### SOURCE RECORDS
# # # #
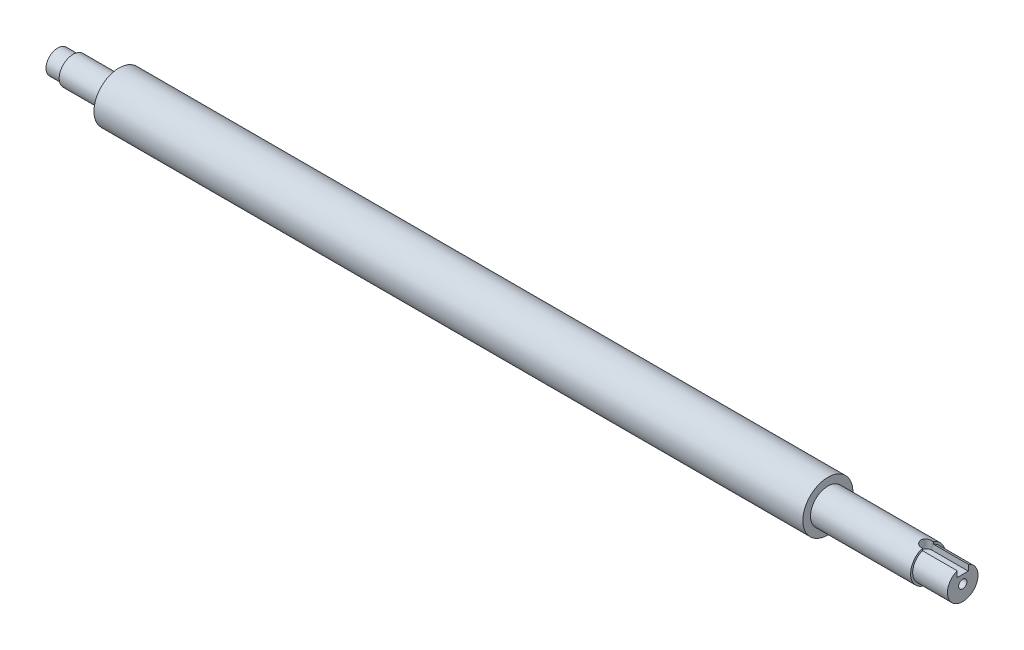
from build123d import *

# Parameters (mm, degrees)
CUT_EXTRUDE1_DEPTH = 14
SKETCH4_R          = 3
CUT_EXTRUDE2_DEPTH = 25


with BuildPart() as part:
    # Sketch1 → Revolve1 (revolve)
    with BuildSketch(Plane.XY):
        Polygon((254.240699987, 11), (279.240699987, 11), (279.240699987, 0), (-371.759300013, 0), (-371.759300013, 8.5), (-360.759300013, 8.5), (-360.759300013, 10), (-327.759300013, 10), (-327.759300013, 18), (182.240699987, 18), (182.240699987, 12.5), (254.240699987, 12.5), align=None)
    revolve(axis=Axis((279.240699987, 0, 0), (-1, 0, 0)))

    # Sketch3 → Cut-Extrude1 (cut)
    with BuildSketch(Plane(origin=(0, 20, 0), x_dir=(1, 0, 0), z_dir=(0, 1, 0))):
        with BuildLine():
            Line((279.240699987, -4), (253.217727507, -4))
            ThreePointArc((253.217727507, -4), (249.217727507, 0), (253.217727507, 4))
            Line((253.217727507, 4), (279.240699987, 4))
            ThreePointArc((279.240699987, 4), (283.240699987, 0), (279.240699987, -4))
        make_face()
    extrude(amount=-CUT_EXTRUDE1_DEPTH, mode=Mode.SUBTRACT)

    # Sketch4 → Cut-Extrude2 (cut)
    with BuildSketch(Plane(origin=(279.240699987, 0, 0), x_dir=(0, 0, -1), z_dir=(1, 0, 0))):
        with Locations(Location((0, 0, 0), (0, 0, 90))):
            Circle(SKETCH4_R)
    extrude(amount=-CUT_EXTRUDE2_DEPTH, mode=Mode.SUBTRACT)


solid = part.part
# # # #
### EXERCISE DESCRIPTION
Hand back the data above exactly, leaving out all pictures.

### RESULT OF THE EXERCISE
from build123d import *

# Parameters (mm, degrees)
CUT_EXTRUDE1_DEPTH = 14
SKETCH4_R          = 3
CUT_EXTRUDE2_DEPTH = 25


with BuildPart() as part:
    # Sketch1 → Revolve1 (revolve)
    with BuildSketch(Plane.XY):
        Polygon((254.240699987, 11), (279.240699987, 11), (279.240699987, 0), (-371.759300013, 0), (-371.759300013, 8.5), (-360.759300013, 8.5), (-360.759300013, 10), (-327.759300013, 10), (-327.759300013, 18), (182.240699987, 18), (182.240699987, 12.5), (254.240699987, 12.5), align=None)
    revolve(axis=Axis((279.240699987, 0, 0), (-1, 0, 0)))

    # Sketch3 → Cut-Extrude1 (cut)
    with BuildSketch(Plane(origin=(0, 20, 0), x_dir=(1, 0, 0), z_dir=(0, 1, 0))):
        with BuildLine():
            Line((279.240699987, -4), (253.217727507, -4))
            ThreePointArc((253.217727507, -4), (249.217727507, 0), (253.217727507, 4))
            Line((253.217727507, 4), (279.240699987, 4))
            ThreePointArc((279.240699987, 4), (283.240699987, 0), (279.240699987, -4))
        make_face()
    extrude(amount=-CUT_EXTRUDE1_DEPTH, mode=Mode.SUBTRACT)

    # Sketch4 → Cut-Extrude2 (cut)
    with BuildSketch(Plane(origin=(279.240699987, 0, 0), x_dir=(0, 0, -1), z_dir=(1, 0, 0))):
        with Locations(Location((0, 0, 0), (0, 0, 90))):
            Circle(SKETCH4_R)
    extrude(amount=-CUT_EXTRUDE2_DEPTH, mode=Mode.SUBTRACT)


solid = part.part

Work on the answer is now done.